Se você acha que a inteligência artificial vai salvar a sua empresa da incompetência e má organização, como um milagre divino para os seus negócios, bom…sinto lhe dizer, mas você está enganado e ainda com mais problemas do que antes.
Situações como essa são preocupantes: empresas correndo para adotar inteligência artificial como se ela fosse uma salvação mágica. A realidade é outra. IA não conserta desorganização. Ela escancara.

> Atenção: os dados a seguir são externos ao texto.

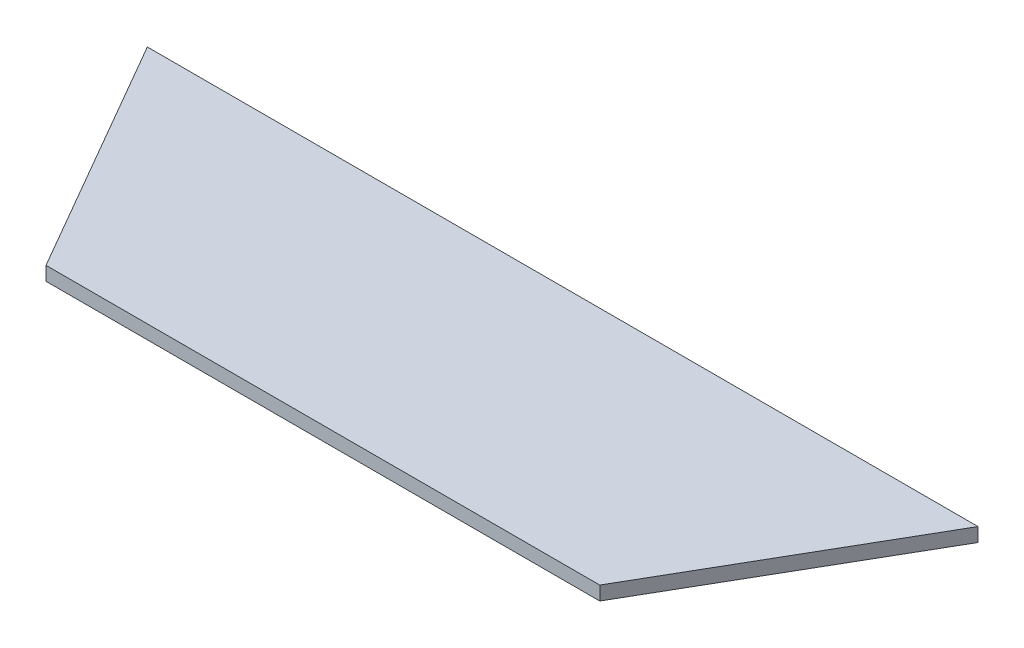
ISO-10303-21;
HEADER;
FILE_DESCRIPTION(('STEP AP214'),'2;1');
FILE_NAME('part.step','',(''),(''),'','','');
FILE_SCHEMA(('AUTOMOTIVE_DESIGN { 1 0 10303 214 1 1 1 1 }'));
ENDSEC;
DATA;
#1=APPLICATION_CONTEXT('core data for automotive mechanical design processes');
#2=APPLICATION_PROTOCOL_DEFINITION('international standard','automotive_design',2000,#1);
#3=PRODUCT_CONTEXT('',#1,'mechanical');
#4=PRODUCT('Part','Part','',(#3));
#5=PRODUCT_RELATED_PRODUCT_CATEGORY('part','',(#4));
#6=PRODUCT_DEFINITION_FORMATION('','',#4);
#7=PRODUCT_DEFINITION_CONTEXT('part definition',#1,'design');
#8=PRODUCT_DEFINITION('design','',#6,#7);
#9=PRODUCT_DEFINITION_SHAPE('','',#8);
#10=(LENGTH_UNIT() NAMED_UNIT(*) SI_UNIT(.MILLI.,.METRE.));
#11=(NAMED_UNIT(*) PLANE_ANGLE_UNIT() SI_UNIT($,.RADIAN.));
#12=(NAMED_UNIT(*) SI_UNIT($,.STERADIAN.) SOLID_ANGLE_UNIT());
#13=UNCERTAINTY_MEASURE_WITH_UNIT(LENGTH_MEASURE(1.E-05),#10,'distance_accuracy_value','');
#14=(GEOMETRIC_REPRESENTATION_CONTEXT(3) GLOBAL_UNCERTAINTY_ASSIGNED_CONTEXT((#13)) GLOBAL_UNIT_ASSIGNED_CONTEXT((#10,
#11,#12)) REPRESENTATION_CONTEXT('',''));
#15=CARTESIAN_POINT('',(0.,0.,0.));
#16=DIRECTION('',(0.,0.,1.));
#17=DIRECTION('',(1.,0.,0.));
#18=AXIS2_PLACEMENT_3D('',#15,#16,#17);
#19=CARTESIAN_POINT('',(-150.,5.,86.6025403784441));
#20=DIRECTION('',(0.,0.,1.));
#21=DIRECTION('',(1.,0.,0.));
#22=AXIS2_PLACEMENT_3D('',#19,#20,#21);
#23=PLANE('',#22);
#24=DIRECTION('',(-1.,0.,0.));
#25=VECTOR('',#24,1.);
#26=CARTESIAN_POINT('',(-150.,0.,86.6025403784441));
#27=LINE('',#26,#25);
#28=CARTESIAN_POINT('',(150.,0.,86.6025403784441));
#29=VERTEX_POINT('',#28);
#30=CARTESIAN_POINT('',(-150.,0.,86.6025403784441));
#31=VERTEX_POINT('',#30);
#32=EDGE_CURVE('E100',#29,#31,#27,.T.);
#33=ORIENTED_EDGE('',*,*,#32,.T.);
#34=DIRECTION('',(0.,-1.,0.));
#35=VECTOR('',#34,1.);
#36=CARTESIAN_POINT('',(-150.,5.,86.6025403784441));
#37=LINE('',#36,#35);
#38=CARTESIAN_POINT('',(-150.,5.,86.6025403784441));
#39=VERTEX_POINT('',#38);
#40=EDGE_CURVE('E11',#39,#31,#37,.T.);
#41=ORIENTED_EDGE('',*,*,#40,.F.);
#42=DIRECTION('',(-1.,0.,0.));
#43=VECTOR('',#42,1.);
#44=CARTESIAN_POINT('',(-150.,5.,86.6025403784441));
#45=LINE('',#44,#43);
#46=CARTESIAN_POINT('',(150.,5.,86.6025403784441));
#47=VERTEX_POINT('',#46);
#48=EDGE_CURVE('E88',#47,#39,#45,.T.);
#49=ORIENTED_EDGE('',*,*,#48,.F.);
#50=DIRECTION('',(0.,-1.,0.));
#51=VECTOR('',#50,1.);
#52=CARTESIAN_POINT('',(150.,5.,86.6025403784441));
#53=LINE('',#52,#51);
#54=EDGE_CURVE('E96',#47,#29,#53,.T.);
#55=ORIENTED_EDGE('',*,*,#54,.T.);
#56=EDGE_LOOP('',(#33,#41,#49,#55));
#57=FACE_BOUND('',#56,.T.);
#58=ADVANCED_FACE('F37',(#57),#23,.F.);
#59=CARTESIAN_POINT('',(-150.,5.,86.6025403784441));
#60=DIRECTION('',(0.86602540378443,0.,-0.500000000000014));
#61=DIRECTION('',(-0.500000000000014,0.,-0.86602540378443));
#62=AXIS2_PLACEMENT_3D('',#59,#60,#61);
#63=PLANE('',#62);
#64=DIRECTION('',(0.500000000000014,0.,0.86602540378443));
#65=VECTOR('',#64,1.);
#66=CARTESIAN_POINT('',(-150.,0.,86.6025403784441));
#67=LINE('',#66,#65);
#68=CARTESIAN_POINT('',(-99.9999999999982,0.,173.205080756888));
#69=VERTEX_POINT('',#68);
#70=EDGE_CURVE('E92',#31,#69,#67,.T.);
#71=ORIENTED_EDGE('',*,*,#70,.T.);
#72=DIRECTION('',(0.,-1.,0.));
#73=VECTOR('',#72,1.);
#74=CARTESIAN_POINT('',(-99.9999999999982,5.,173.205080756888));
#75=LINE('',#74,#73);
#76=CARTESIAN_POINT('',(-99.9999999999982,5.,173.205080756888));
#77=VERTEX_POINT('',#76);
#78=EDGE_CURVE('E45',#77,#69,#75,.T.);
#79=ORIENTED_EDGE('',*,*,#78,.F.);
#80=DIRECTION('',(0.500000000000014,0.,0.86602540378443));
#81=VECTOR('',#80,1.);
#82=CARTESIAN_POINT('',(-150.,5.,86.6025403784441));
#83=LINE('',#82,#81);
#84=EDGE_CURVE('E83',#39,#77,#83,.T.);
#85=ORIENTED_EDGE('',*,*,#84,.F.);
#86=ORIENTED_EDGE('',*,*,#40,.T.);
#87=EDGE_LOOP('',(#71,#79,#85,#86));
#88=FACE_BOUND('',#87,.T.);
#89=ADVANCED_FACE('F91',(#88),#63,.F.);
#90=CARTESIAN_POINT('',(-99.9999999999982,5.,173.205080756888));
#91=DIRECTION('',(0.,0.,-1.));
#92=DIRECTION('',(-1.,0.,0.));
#93=AXIS2_PLACEMENT_3D('',#90,#91,#92);
#94=PLANE('',#93);
#95=DIRECTION('',(1.,0.,0.));
#96=VECTOR('',#95,1.);
#97=CARTESIAN_POINT('',(-99.9999999999982,0.,173.205080756888));
#98=LINE('',#97,#96);
#99=CARTESIAN_POINT('',(100.000000000002,0.,173.205080756886));
#100=VERTEX_POINT('',#99);
#101=EDGE_CURVE('E70',#69,#100,#98,.T.);
#102=ORIENTED_EDGE('',*,*,#101,.T.);
#103=DIRECTION('',(0.,-1.,0.));
#104=VECTOR('',#103,1.);
#105=CARTESIAN_POINT('',(100.000000000002,5.,173.205080756886));
#106=LINE('',#105,#104);
#107=CARTESIAN_POINT('',(100.000000000002,5.,173.205080756886));
#108=VERTEX_POINT('',#107);
#109=EDGE_CURVE('E93',#108,#100,#106,.T.);
#110=ORIENTED_EDGE('',*,*,#109,.F.);
#111=DIRECTION('',(1.,0.,0.));
#112=VECTOR('',#111,1.);
#113=CARTESIAN_POINT('',(-99.9999999999982,5.,173.205080756888));
#114=LINE('',#113,#112);
#115=EDGE_CURVE('E86',#77,#108,#114,.T.);
#116=ORIENTED_EDGE('',*,*,#115,.F.);
#117=ORIENTED_EDGE('',*,*,#78,.T.);
#118=EDGE_LOOP('',(#102,#110,#116,#117));
#119=FACE_BOUND('',#118,.T.);
#120=ADVANCED_FACE('F94',(#119),#94,.F.);
#121=CARTESIAN_POINT('',(100.000000000002,5.,173.205080756886));
#122=DIRECTION('',(-0.866025403784441,0.,-0.499999999999996));
#123=DIRECTION('',(-0.499999999999996,0.,0.866025403784441));
#124=AXIS2_PLACEMENT_3D('',#121,#122,#123);
#125=PLANE('',#124);
#126=DIRECTION('',(0.499999999999996,0.,-0.866025403784441));
#127=VECTOR('',#126,1.);
#128=CARTESIAN_POINT('',(100.000000000002,0.,173.205080756886));
#129=LINE('',#128,#127);
#130=EDGE_CURVE('E76',#100,#29,#129,.T.);
#131=ORIENTED_EDGE('',*,*,#130,.T.);
#132=ORIENTED_EDGE('',*,*,#54,.F.);
#133=DIRECTION('',(0.499999999999996,0.,-0.866025403784441));
#134=VECTOR('',#133,1.);
#135=CARTESIAN_POINT('',(100.000000000002,5.,173.205080756886));
#136=LINE('',#135,#134);
#137=EDGE_CURVE('E53',#108,#47,#136,.T.);
#138=ORIENTED_EDGE('',*,*,#137,.F.);
#139=ORIENTED_EDGE('',*,*,#109,.T.);
#140=EDGE_LOOP('',(#131,#132,#138,#139));
#141=FACE_BOUND('',#140,.T.);
#142=ADVANCED_FACE('F107',(#141),#125,.F.);
#143=CARTESIAN_POINT('',(0.,5.,0.));
#144=DIRECTION('',(0.,1.,0.));
#145=DIRECTION('',(0.,0.,1.));
#146=AXIS2_PLACEMENT_3D('',#143,#144,#145);
#147=PLANE('',#146);
#148=ORIENTED_EDGE('',*,*,#48,.T.);
#149=ORIENTED_EDGE('',*,*,#84,.T.);
#150=ORIENTED_EDGE('',*,*,#115,.T.);
#151=ORIENTED_EDGE('',*,*,#137,.T.);
#152=EDGE_LOOP('',(#148,#149,#150,#151));
#153=FACE_BOUND('',#152,.T.);
#154=ADVANCED_FACE('F84',(#153),#147,.T.);
#155=CARTESIAN_POINT('',(0.,0.,0.));
#156=DIRECTION('',(0.,1.,0.));
#157=DIRECTION('',(0.,0.,1.));
#158=AXIS2_PLACEMENT_3D('',#155,#156,#157);
#159=PLANE('',#158);
#160=ORIENTED_EDGE('',*,*,#32,.F.);
#161=ORIENTED_EDGE('',*,*,#130,.F.);
#162=ORIENTED_EDGE('',*,*,#101,.F.);
#163=ORIENTED_EDGE('',*,*,#70,.F.);
#164=EDGE_LOOP('',(#160,#161,#162,#163));
#165=FACE_BOUND('',#164,.T.);
#166=ADVANCED_FACE('F110',(#165),#159,.F.);
#167=CLOSED_SHELL('',(#58,#89,#120,#142,#154,#166));
#168=MANIFOLD_SOLID_BREP('B2',#167);
#169=ADVANCED_BREP_SHAPE_REPRESENTATION('',(#18,#168),#14);
#170=SHAPE_DEFINITION_REPRESENTATION(#9,#169);
ENDSEC;
END-ISO-10303-21;

Por mais promissora que seja, a inteligência artificial — seja generativa, preditiva ou qualquer outro modelo — é uma tecnologia que depende diretamente de estrutura, contexto e clareza de propósito. Sem isso, ela se torna apenas mais uma camada de complexidade em um ambiente já bagunçado.
Dados ruins geram decisões ruins. Simples assim
É fundamental entender que a IA é um sistema de informação que processa entradas (dados) para gerar saídas (ações, análises, sugestões, automações). Se os dados de entrada são ruins, desestruturados, incompletos ou contraditórios, o resultado será desastroso.
Vejo isso com frequência. Empresas que nunca investiram em governança de dados, catalogação, padronização ou acesso seguro e estruturado à informação, de repente, passam a usar IA apostando que vai resolver tudo. O que acontece? Resultados enviesados, decisões mal-informadas e, pior ainda, uma falsa sensação de evolução digital. É como tentar construir um arranha-céu sobre um pântano. A fundação cede.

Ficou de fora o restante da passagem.